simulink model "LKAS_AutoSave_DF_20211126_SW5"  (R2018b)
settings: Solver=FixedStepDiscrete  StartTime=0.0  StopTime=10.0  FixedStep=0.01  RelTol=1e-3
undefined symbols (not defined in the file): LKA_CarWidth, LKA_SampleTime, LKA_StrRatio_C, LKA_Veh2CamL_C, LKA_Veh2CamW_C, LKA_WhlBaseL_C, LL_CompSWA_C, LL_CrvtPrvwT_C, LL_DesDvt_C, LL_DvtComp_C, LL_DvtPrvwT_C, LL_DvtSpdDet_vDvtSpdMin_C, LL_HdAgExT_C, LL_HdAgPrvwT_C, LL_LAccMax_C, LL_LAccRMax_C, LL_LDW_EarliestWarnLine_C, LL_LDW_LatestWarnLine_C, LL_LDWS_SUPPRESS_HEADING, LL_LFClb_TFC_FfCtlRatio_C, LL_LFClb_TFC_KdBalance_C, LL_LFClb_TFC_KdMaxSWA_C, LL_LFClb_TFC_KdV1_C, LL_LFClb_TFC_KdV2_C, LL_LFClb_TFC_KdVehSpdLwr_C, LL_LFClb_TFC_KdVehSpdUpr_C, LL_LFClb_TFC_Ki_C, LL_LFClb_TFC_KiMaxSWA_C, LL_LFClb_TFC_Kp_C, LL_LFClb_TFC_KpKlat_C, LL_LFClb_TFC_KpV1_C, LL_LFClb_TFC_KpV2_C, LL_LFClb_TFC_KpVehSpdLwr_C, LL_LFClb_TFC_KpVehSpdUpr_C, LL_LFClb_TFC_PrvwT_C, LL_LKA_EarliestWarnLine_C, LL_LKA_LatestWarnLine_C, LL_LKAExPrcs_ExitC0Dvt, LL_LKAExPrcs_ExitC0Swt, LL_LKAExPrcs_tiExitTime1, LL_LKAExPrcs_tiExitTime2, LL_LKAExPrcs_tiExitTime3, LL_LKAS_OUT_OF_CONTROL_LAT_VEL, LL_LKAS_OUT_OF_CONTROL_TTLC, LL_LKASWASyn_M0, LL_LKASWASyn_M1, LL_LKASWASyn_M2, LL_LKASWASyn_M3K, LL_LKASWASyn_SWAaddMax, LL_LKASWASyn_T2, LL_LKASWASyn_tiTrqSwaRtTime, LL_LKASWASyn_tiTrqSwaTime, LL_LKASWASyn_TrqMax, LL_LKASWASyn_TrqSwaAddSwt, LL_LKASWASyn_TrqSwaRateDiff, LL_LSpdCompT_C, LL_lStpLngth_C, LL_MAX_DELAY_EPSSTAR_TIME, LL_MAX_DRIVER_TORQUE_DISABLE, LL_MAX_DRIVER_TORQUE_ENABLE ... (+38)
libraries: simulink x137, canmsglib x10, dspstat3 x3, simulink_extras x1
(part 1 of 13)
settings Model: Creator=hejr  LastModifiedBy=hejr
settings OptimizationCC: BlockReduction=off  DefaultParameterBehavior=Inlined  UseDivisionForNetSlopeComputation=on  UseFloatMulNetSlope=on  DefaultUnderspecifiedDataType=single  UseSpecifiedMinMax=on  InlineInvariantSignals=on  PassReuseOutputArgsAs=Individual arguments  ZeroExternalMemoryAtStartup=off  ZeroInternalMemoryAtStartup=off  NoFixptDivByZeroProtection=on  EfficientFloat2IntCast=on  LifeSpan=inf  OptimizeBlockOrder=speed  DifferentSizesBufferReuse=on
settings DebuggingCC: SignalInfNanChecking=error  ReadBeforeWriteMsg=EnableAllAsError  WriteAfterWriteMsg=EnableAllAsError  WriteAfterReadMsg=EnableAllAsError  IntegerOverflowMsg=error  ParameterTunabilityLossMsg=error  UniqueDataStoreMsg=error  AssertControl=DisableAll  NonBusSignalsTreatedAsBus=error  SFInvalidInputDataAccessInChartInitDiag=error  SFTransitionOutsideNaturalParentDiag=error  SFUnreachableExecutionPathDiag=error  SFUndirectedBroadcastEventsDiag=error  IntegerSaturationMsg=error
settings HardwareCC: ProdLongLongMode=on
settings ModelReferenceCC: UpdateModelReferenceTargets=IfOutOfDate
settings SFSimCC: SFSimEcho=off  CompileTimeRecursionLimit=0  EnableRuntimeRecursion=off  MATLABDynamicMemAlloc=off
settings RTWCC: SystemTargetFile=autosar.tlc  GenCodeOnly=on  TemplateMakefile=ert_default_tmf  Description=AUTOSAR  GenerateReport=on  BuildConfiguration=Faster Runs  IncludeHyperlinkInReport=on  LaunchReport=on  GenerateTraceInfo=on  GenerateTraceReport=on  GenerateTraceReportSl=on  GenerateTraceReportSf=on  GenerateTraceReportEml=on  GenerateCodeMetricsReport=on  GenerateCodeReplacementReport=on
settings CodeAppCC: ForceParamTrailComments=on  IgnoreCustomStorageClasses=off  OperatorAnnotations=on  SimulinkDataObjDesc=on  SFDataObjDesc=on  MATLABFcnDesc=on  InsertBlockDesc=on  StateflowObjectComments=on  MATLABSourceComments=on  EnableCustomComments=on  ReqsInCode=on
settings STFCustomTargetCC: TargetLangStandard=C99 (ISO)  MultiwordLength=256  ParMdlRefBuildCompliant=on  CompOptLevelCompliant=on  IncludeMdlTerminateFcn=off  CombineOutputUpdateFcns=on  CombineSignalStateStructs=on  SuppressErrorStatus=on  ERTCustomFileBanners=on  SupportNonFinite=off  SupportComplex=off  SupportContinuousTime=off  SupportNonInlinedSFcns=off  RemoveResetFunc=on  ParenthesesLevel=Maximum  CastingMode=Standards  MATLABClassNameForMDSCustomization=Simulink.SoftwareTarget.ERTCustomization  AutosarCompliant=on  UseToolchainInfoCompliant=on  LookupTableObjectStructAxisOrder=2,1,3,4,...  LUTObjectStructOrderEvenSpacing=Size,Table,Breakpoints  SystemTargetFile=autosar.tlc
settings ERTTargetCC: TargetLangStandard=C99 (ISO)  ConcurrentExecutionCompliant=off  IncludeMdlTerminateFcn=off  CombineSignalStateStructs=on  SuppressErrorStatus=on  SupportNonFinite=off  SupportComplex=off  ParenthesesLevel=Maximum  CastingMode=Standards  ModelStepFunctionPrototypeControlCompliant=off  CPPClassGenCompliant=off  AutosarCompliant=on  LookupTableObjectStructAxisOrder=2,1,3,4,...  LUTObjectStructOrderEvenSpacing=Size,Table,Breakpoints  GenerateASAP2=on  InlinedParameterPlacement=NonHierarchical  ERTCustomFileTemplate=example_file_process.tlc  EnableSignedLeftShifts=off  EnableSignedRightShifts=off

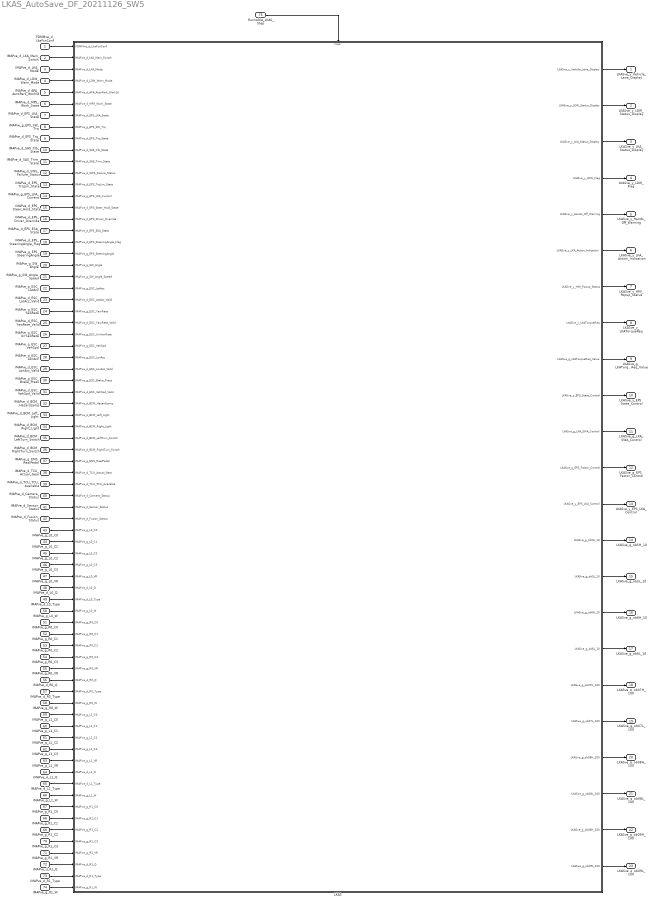
== system LKAS_AutoSave_DF_20211126_SW5 ==
  FDMMve_d_LkaFcnConf : Inport  OutDataTypeStr=UInt16  PortDimensions=1
  IMAPve_d_LKA_Main_Switch : Inport  Port=2  OutDataTypeStr=UInt16  PortDimensions=1
  IMAPve_d_LKA_Mode : Inport  Port=3  OutDataTypeStr=UInt16  PortDimensions=1
  IMAPve_d_LDW_Warn_Mode : Inport  Port=4  OutDataTypeStr=UInt16  PortDimensions=1
  IMAPve_d_APA_AutoPark_WorkSt : Inport  Port=5  OutDataTypeStr=UInt16  PortDimensions=1
  IMAPve_d_MP5_Work_State : Inport  Port=6  OutDataTypeStr=UInt16  PortDimensions=1
  IMAPve_d_EPS_LKA_State : Inport  Port=7  OutDataTypeStr=UInt16  PortDimensions=1
  IMAPve_g_EPS_SW_Trq : Inport  Port=8  OutDataTypeStr=T_M_Nm_Float32  PortDimensions=1
  IMAPve_d_EPS_Trq_State : Inport  Port=9  OutDataTypeStr=UInt16  PortDimensions=1
  IMAPve_d_SAS_Clb_State : Inport  Port=10  OutDataTypeStr=UInt16  PortDimensions=1
  IMAPve_d_SAS_Trim_State : Inport  Port=11  OutDataTypeStr=UInt16  PortDimensions=1
  IMAPve_d_SWS_Failure_Status : Inport  Port=12  OutDataTypeStr=UInt16  PortDimensions=1
  IMAPve_d_EPS_TrqLim_State : Inport  Port=13  OutDataTypeStr=UInt16  PortDimensions=1
  IMAPve_g_EPS_LKA_Current : Inport  Port=14  OutDataTypeStr=T_M_Nm_Float32  PortDimensions=1
  IMAPve_d_EPS_Steer_Hold_State : Inport  Port=15  OutDataTypeStr=UInt16  PortDimensions=1
  IMAPve_d_EPS_Driver_Override : Inport  Port=16  OutDataTypeStr=UInt16  PortDimensions=1
  IMAPve_d_EPS_ESA_State : Inport  Port=17  OutDataTypeStr=UInt16  PortDimensions=1
  IMAPve_d_EPS_SteeringAngle_Flag : Inport  Port=18  OutDataTypeStr=UInt16  PortDimensions=1
  IMAPve_g_EPS_SteeringAngle : Inport  Port=19  OutDataTypeStr=T_M_Nm_Float32  PortDimensions=1
  IMAPve_g_SW_Angle : Inport  Port=20  OutDataTypeStr=T_M_Nm_Float32  PortDimensions=1
  IMAPve_g_SW_Angle_Speed : Inport  Port=21  OutDataTypeStr=T_M_Nm_Float32  PortDimensions=1
  IMAPve_g_ESC_LatAcc : Inport  Port=22  OutDataTypeStr=T_M_Nm_Float32  PortDimensions=1
  IMAPve_d_ESC_LatAcc_Valid : Inport  Port=23  OutDataTypeStr=UInt16  PortDimensions=1
  IMAPve_g_ESC_YawRate : Inport  Port=24  OutDataTypeStr=T_M_Nm_Float32  PortDimensions=1
  IMAPve_d_ESC_YawRate_Valid : Inport  Port=25  OutDataTypeStr=UInt16  PortDimensions=1
  IMAPve_g_ESC_UnYawRate : Inport  Port=26  OutDataTypeStr=T_M_Nm_Float32  PortDimensions=1
  IMAPve_g_ESC_VehSpd : Inport  Port=27  OutDataTypeStr=T_M_Nm_Float32  PortDimensions=1
  IMAPve_g_ESC_LonAcc : Inport  Port=28  OutDataTypeStr=T_M_Nm_Float32  PortDimensions=1
  IMAPve_d_ESC_LonAcc_Valid : Inport  Port=29  OutDataTypeStr=UInt16  PortDimensions=1
  IMAPve_g_ESC_Brake_Press : Inport  Port=30  OutDataTypeStr=T_M_Nm_Float32  PortDimensions=1
  IMAPve_d_ESC_VehSpd_Valid : Inport  Port=31  OutDataTypeStr=UInt16  PortDimensions=1
  IMAPve_d_BCM_HazardLamp : Inport  Port=32  OutDataTypeStr=UInt16  PortDimensions=1
  IMAPve_d_BCM_Left_Light : Inport  Port=33  OutDataTypeStr=UInt16  PortDimensions=1
  IMAPve_d_BCM_Right_Light : Inport  Port=34  OutDataTypeStr=UInt16  PortDimensions=1
  IMAPve_d_BCM_LeftTurn_Switch : Inport  Port=35  OutDataTypeStr=UInt16  PortDimensions=1
  IMAPve_d_BCM_RightTurn_Switch : Inport  Port=36  OutDataTypeStr=UInt16  PortDimensions=1
  IMAPve_g_EMS_RealPedal : Inport  Port=37  OutDataTypeStr=T_M_Nm_Float32  PortDimensions=1
  IMAPve_d_TCU_Actual_Gear : Inport  Port=38  OutDataTypeStr=UInt16  PortDimensions=1
  IMAPve_d_TCU_TCU_Available : Inport  Port=39  OutDataTypeStr=UInt16  PortDimensions=1
  IMAPve_d_Camera_Status : Inport  Port=40  OutDataTypeStr=UInt16  PortDimensions=1
  IMAPve_d_Sensor_Status : Inport  Port=41  OutDataTypeStr=UInt16  PortDimensions=1
  IMAPve_d_Fusion_Status : Inport  Port=42  OutDataTypeStr=UInt16  PortDimensions=1
  IMAPve_g_L0_C0 : Inport  Port=43  OutDataTypeStr=T_M_Nm_Float32  PortDimensions=1
  IMAPve_g_L0_C1 : Inport  Port=44  OutDataTypeStr=T_M_Nm_Float32  PortDimensions=1
  IMAPve_g_L0_C2 : Inport  Port=45  OutDataTypeStr=T_M_Nm_Float32  PortDimensions=1
  IMAPve_g_L0_C3 : Inport  Port=46  OutDataTypeStr=T_M_Nm_Float32  PortDimensions=1
  IMAPve_g_L0_VR : Inport  Port=47  OutDataTypeStr=T_M_Nm_Float32  PortDimensions=1
  IMAPve_d_L0_Q : Inport  Port=48  OutDataTypeStr=UInt16  PortDimensions=1
  IMAPve_d_L0_Type : Inport  Port=49  OutDataTypeStr=UInt16  PortDimensions=1
  IMAPve_g_L0_W : Inport  Port=50  OutDataTypeStr=T_M_Nm_Float32  PortDimensions=1
  IMAPve_g_R0_C0 : Inport  Port=51  OutDataTypeStr=T_M_Nm_Float32  PortDimensions=1
  IMAPve_g_R0_C1 : Inport  Port=52  OutDataTypeStr=T_M_Nm_Float32  PortDimensions=1
  IMAPve_g_R0_C2 : Inport  Port=53  OutDataTypeStr=T_M_Nm_Float32  PortDimensions=1
  IMAPve_g_R0_C3 : Inport  Port=54  OutDataTypeStr=T_M_Nm_Float32  PortDimensions=1
  IMAPve_g_R0_VR : Inport  Port=55  OutDataTypeStr=T_M_Nm_Float32  PortDimensions=1
  IMAPve_d_R0_Q : Inport  Port=56  OutDataTypeStr=UInt16  PortDimensions=1
  IMAPve_d_R0_Type : Inport  Port=57  OutDataTypeStr=UInt16  PortDimensions=1
  IMAPve_g_R0_W : Inport  Port=58  OutDataTypeStr=T_M_Nm_Float32  PortDimensions=1
  IMAPve_g_L1_C0 : Inport  Port=59  OutDataTypeStr=T_M_Nm_Float32  PortDimensions=1
  IMAPve_g_L1_C1 : Inport  Port=60  OutDataTypeStr=T_M_Nm_Float32  PortDimensions=1
  IMAPve_g_L1_C2 : Inport  Port=61  OutDataTypeStr=T_M_Nm_Float32  PortDimensions=1
  IMAPve_g_L1_C3 : Inport  Port=62  OutDataTypeStr=T_M_Nm_Float32  PortDimensions=1
  IMAPve_g_L1_VR : Inport  Port=63  OutDataTypeStr=T_M_Nm_Float32  PortDimensions=1
  IMAPve_d_L1_Q : Inport  Port=64  OutDataTypeStr=UInt16  PortDimensions=1
  IMAPve_d_L1_Type : Inport  Port=65  OutDataTypeStr=UInt16  PortDimensions=1
  IMAPve_g_L1_W : Inport  Port=66  OutDataTypeStr=T_M_Nm_Float32  PortDimensions=1
  IMAPve_g_R1_C0 : Inport  Port=67  OutDataTypeStr=T_M_Nm_Float32  PortDimensions=1
  IMAPve_g_R1_C1 : Inport  Port=68  OutDataTypeStr=T_M_Nm_Float32  PortDimensions=1
  IMAPve_g_R1_C2 : Inport  Port=69  OutDataTypeStr=T_M_Nm_Float32  PortDimensions=1
  IMAPve_g_R1_C3 : Inport  Port=70  OutDataTypeStr=T_M_Nm_Float32  PortDimensions=1
  IMAPve_g_R1_VR : Inport  Port=71  OutDataTypeStr=T_M_Nm_Float32  PortDimensions=1
  IMAPve_d_R1_Q : Inport  Port=72  OutDataTypeStr=UInt16  PortDimensions=1
  IMAPve_d_R1_Type : Inport  Port=73  OutDataTypeStr=UInt16  PortDimensions=1
  IMAPve_g_R1_W : Inport  Port=74  OutDataTypeStr=T_M_Nm_Float32  PortDimensions=1
  Runnable_LKAS_Step : Inport  Port=75  SampleTime=0.01  OutputFunctionCall=on
  LKAS : Subsystem  TreatAsAtomicUnit=on
  LKASve_y_Vehicle_Lane_Display : Outport  OutDataTypeStr=UInt8  PortDimensions=1
  LKASve_y_LDW_Status_Display : Outport  Port=2  OutDataTypeStr=UInt8  PortDimensions=1
  LKASve_y_LKA_Status_Display : Outport  Port=3  OutDataTypeStr=UInt8  PortDimensions=1
  LKASve_y_LDW_Flag : Outport  Port=4  OutDataTypeStr=UInt8  PortDimensions=1
  LKASve_y_Hands_Off_Warning : Outport  Port=5  OutDataTypeStr=UInt8  PortDimensions=1
  LKASve_y_LKA_Action_Indication : Outport  Port=6  OutDataTypeStr=UInt8  PortDimensions=1
  LKASve_y_HMI_Popup_Status : Outport  Port=7  OutDataTypeStr=UInt8  PortDimensions=1
  LKASve_y_LKATorqueReq : Outport  Port=8  OutDataTypeStr=UInt8  PortDimensions=1
  LKASve_g_LKATorqueReq_Value : Outport  Port=9  OutDataTypeStr=T_M_Nm_Float32  PortDimensions=1
  LKASve_y_EPS_State_Control : Outport  Port=10  OutDataTypeStr=UInt8  PortDimensions=1
  LKASve_g_LKA_SWA_Control : Outport  Port=11  OutDataTypeStr=T_M_Nm_Float32  PortDimensions=1
  LKASve_g_EPS_Factor_Control : Outport  Port=12  OutDataTypeStr=T_M_Nm_Float32  PortDimensions=1
  LKASve_y_EPS_LKA_Control : Outport  Port=13  OutDataTypeStr=UInt8  PortDimensions=1
  LKASve_g_ob5H_10 : Outport  Port=14  OutDataTypeStr=UInt32  PortDimensions=1
  LKASve_g_ob5L_10 : Outport  Port=15  OutDataTypeStr=UInt32  PortDimensions=1
  LKASve_g_ob6H_10 : Outport  Port=16  OutDataTypeStr=UInt32  PortDimensions=1
  LKASve_g_ob6L_10 : Outport  Port=17  OutDataTypeStr=UInt32  PortDimensions=1
  LKASve_g_ob07H_100 : Outport  Port=18  OutDataTypeStr=UInt32  PortDimensions=1
  LKASve_g_ob07L_100 : Outport  Port=19  OutDataTypeStr=UInt32  PortDimensions=1
  LKASve_g_ob08H_100 : Outport  Port=20  OutDataTypeStr=UInt32  PortDimensions=1
  LKASve_g_ob08L_100 : Outport  Port=21  OutDataTypeStr=UInt32  PortDimensions=1
  LKASve_g_ob09H_100 : Outport  Port=22  OutDataTypeStr=UInt32  PortDimensions=1
  LKASve_g_ob09L_100 : Outport  Port=23  OutDataTypeStr=UInt32  PortDimensions=1
  wires:
  FDMMve_d_LkaFcnConf/1 -> LKAS/1(FDMMve_d_LkaFcnConf)
  IMAPve_d_LKA_Main_Switch/1 -> LKAS/2(IMAPve_d_LKA_Main_Switch)
  IMAPve_d_LKA_Mode/1 -> LKAS/3(IMAPve_d_LKA_Mode)
  IMAPve_d_LDW_Warn_Mode/1 -> LKAS/4(IMAPve_d_LDW_Warn_Mode)
  IMAPve_d_APA_AutoPark_WorkSt/1 -> LKAS/5(IMAPve_d_APA_AutoPark_WorkSt)
  IMAPve_d_MP5_Work_State/1 -> LKAS/6(IMAPve_d_MP5_Work_State)
  IMAPve_d_EPS_LKA_State/1 -> LKAS/7(IMAPve_d_EPS_LKA_State)
  IMAPve_g_EPS_SW_Trq/1 -> LKAS/8(IMAPve_g_EPS_SW_Trq)
  IMAPve_d_EPS_Trq_State/1 -> LKAS/9(IMAPve_d_EPS_Trq_State)
  IMAPve_d_SAS_Clb_State/1 -> LKAS/10(IMAPve_d_SAS_Clb_State)
  IMAPve_d_SAS_Trim_State/1 -> LKAS/11(IMAPve_d_SAS_Trim_State)
  IMAPve_d_SWS_Failure_Status/1 -> LKAS/12(IMAPve_d_SWS_Failure_Status)
  IMAPve_d_EPS_TrqLim_State/1 -> LKAS/13(IMAPve_d_EPS_TrqLim_State)
  IMAPve_g_EPS_LKA_Current/1 -> LKAS/14(IMAPve_g_EPS_LKA_Current)
  IMAPve_d_EPS_Steer_Hold_State/1 -> LKAS/15(IMAPve_d_EPS_Steer_Hold_State)
  IMAPve_d_EPS_Driver_Override/1 -> LKAS/16(IMAPve_d_EPS_Driver_Override)
  IMAPve_d_EPS_ESA_State/1 -> LKAS/17(IMAPve_d_EPS_ESA_State)
  IMAPve_d_EPS_SteeringAngle_Flag/1 -> LKAS/18(IMAPve_d_EPS_SteeringAngle_Flag)
  IMAPve_g_EPS_SteeringAngle/1 -> LKAS/19(IMAPve_g_EPS_SteeringAngle)
  IMAPve_g_SW_Angle/1 -> LKAS/20(IMAPve_g_SW_Angle)
  IMAPve_g_SW_Angle_Speed/1 -> LKAS/21(IMAPve_g_SW_Angle_Speed)
  IMAPve_g_ESC_LatAcc/1 -> LKAS/22(IMAPve_g_ESC_LatAcc)
  IMAPve_d_ESC_LatAcc_Valid/1 -> LKAS/23(IMAPve_d_ESC_LatAcc_Valid)
  IMAPve_g_ESC_YawRate/1 -> LKAS/24(IMAPve_g_ESC_YawRate)
  IMAPve_d_ESC_YawRate_Valid/1 -> LKAS/25(IMAPve_d_ESC_YawRate_Valid)
  IMAPve_g_ESC_UnYawRate/1 -> LKAS/26(IMAPve_g_ESC_UnYawRate)
  IMAPve_g_ESC_VehSpd/1 -> LKAS/27(IMAPve_g_ESC_VehSpd)
  IMAPve_g_ESC_LonAcc/1 -> LKAS/28(IMAPve_g_ESC_LonAcc)
  IMAPve_d_ESC_LonAcc_Valid/1 -> LKAS/29(IMAPve_d_ESC_LonAcc_Valid)
  IMAPve_g_ESC_Brake_Press/1 -> LKAS/30(IMAPve_g_ESC_Brake_Press)
  IMAPve_d_ESC_VehSpd_Valid/1 -> LKAS/31(IMAPve_d_ESC_VehSpd_Valid)
  IMAPve_d_BCM_HazardLamp/1 -> LKAS/32(IMAPve_d_BCM_HazardLamp)
  IMAPve_d_BCM_Left_Light/1 -> LKAS/33(IMAPve_d_BCM_Left_Light)
  IMAPve_d_BCM_Right_Light/1 -> LKAS/34(IMAPve_d_BCM_Right_Light)
  IMAPve_d_BCM_LeftTurn_Switch/1 -> LKAS/35(IMAPve_d_BCM_LeftTurn_Switch)
  IMAPve_d_BCM_RightTurn_Switch/1 -> LKAS/36(IMAPve_d_BCM_RightTurn_Switch)
  IMAPve_g_EMS_RealPedal/1 -> LKAS/37(IMAPve_g_EMS_RealPedal)
  IMAPve_d_TCU_Actual_Gear/1 -> LKAS/38(IMAPve_d_TCU_Actual_Gear)
  IMAPve_d_TCU_TCU_Available/1 -> LKAS/39(IMAPve_d_TCU_TCU_Available)
  IMAPve_d_Camera_Status/1 -> LKAS/40(IMAPve_d_Camera_Status)
  IMAPve_d_Sensor_Status/1 -> LKAS/41(IMAPve_d_Sensor_Status)
  IMAPve_d_Fusion_Status/1 -> LKAS/42(IMAPve_d_Fusion_Status)
  IMAPve_g_L0_C0/1 -> LKAS/43(IMAPve_g_L0_C0)
  IMAPve_g_L0_C1/1 -> LKAS/44(IMAPve_g_L0_C1)
  IMAPve_g_L0_C2/1 -> LKAS/45(IMAPve_g_L0_C2)
  IMAPve_g_L0_C3/1 -> LKAS/46(IMAPve_g_L0_C3)
  IMAPve_g_L0_VR/1 -> LKAS/47(IMAPve_g_L0_VR)
  IMAPve_d_L0_Q/1 -> LKAS/48(IMAPve_d_L0_Q)
  IMAPve_d_L0_Type/1 -> LKAS/49(IMAPve_d_L0_Type)
  IMAPve_g_L0_W/1 -> LKAS/50(IMAPve_g_L0_W)
  IMAPve_g_R0_C0/1 -> LKAS/51(IMAPve_g_R0_C0)
  IMAPve_g_R0_C1/1 -> LKAS/52(IMAPve_g_R0_C1)
  IMAPve_g_R0_C2/1 -> LKAS/53(IMAPve_g_R0_C2)
  IMAPve_g_R0_C3/1 -> LKAS/54(IMAPve_g_R0_C3)
  IMAPve_g_R0_VR/1 -> LKAS/55(IMAPve_g_R0_VR)
  IMAPve_d_R0_Q/1 -> LKAS/56(IMAPve_d_R0_Q)
  IMAPve_d_R0_Type/1 -> LKAS/57(IMAPve_d_R0_Type)
  IMAPve_g_R0_W/1 -> LKAS/58(IMAPve_g_R0_W)
  IMAPve_g_L1_C0/1 -> LKAS/59(IMAPve_g_L1_C0)
  IMAPve_g_L1_C1/1 -> LKAS/60(IMAPve_g_L1_C1)
  IMAPve_g_L1_C2/1 -> LKAS/61(IMAPve_g_L1_C2)
  IMAPve_g_L1_C3/1 -> LKAS/62(IMAPve_g_L1_C3)
  IMAPve_g_L1_VR/1 -> LKAS/63(IMAPve_g_L1_VR)
  IMAPve_d_L1_Q/1 -> LKAS/64(IMAPve_d_L1_Q)
  IMAPve_d_L1_Type/1 -> LKAS/65(IMAPve_d_L1_Type)
  IMAPve_g_L1_W/1 -> LKAS/66(IMAPve_g_L1_W)
  IMAPve_g_R1_C0/1 -> LKAS/67(IMAPve_g_R1_C0)
  IMAPve_g_R1_C1/1 -> LKAS/68(IMAPve_g_R1_C1)
  IMAPve_g_R1_C2/1 -> LKAS/69(IMAPve_g_R1_C2)
  IMAPve_g_R1_C3/1 -> LKAS/70(IMAPve_g_R1_C3)
  IMAPve_g_R1_VR/1 -> LKAS/71(IMAPve_g_R1_VR)
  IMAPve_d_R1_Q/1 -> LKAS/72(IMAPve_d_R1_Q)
++++++++
■ **TASK PROMPT**
Copy exactly the stretch of data above from the line with "IMAPve_g_L1_C2 : Inport" through the line with "IMAPve_g_L1_VR : Inport", and omit all other lines.

■ **PROBLEM SOLUTION**
  IMAPve_g_L1_C2 : Inport  Port=61  OutDataTypeStr=T_M_Nm_Float32  PortDimensions=1
  IMAPve_g_L1_C3 : Inport  Port=62  OutDataTypeStr=T_M_Nm_Float32  PortDimensions=1
  IMAPve_g_L1_VR : Inport  Port=63  OutDataTypeStr=T_M_Nm_Float32  PortDimensions=1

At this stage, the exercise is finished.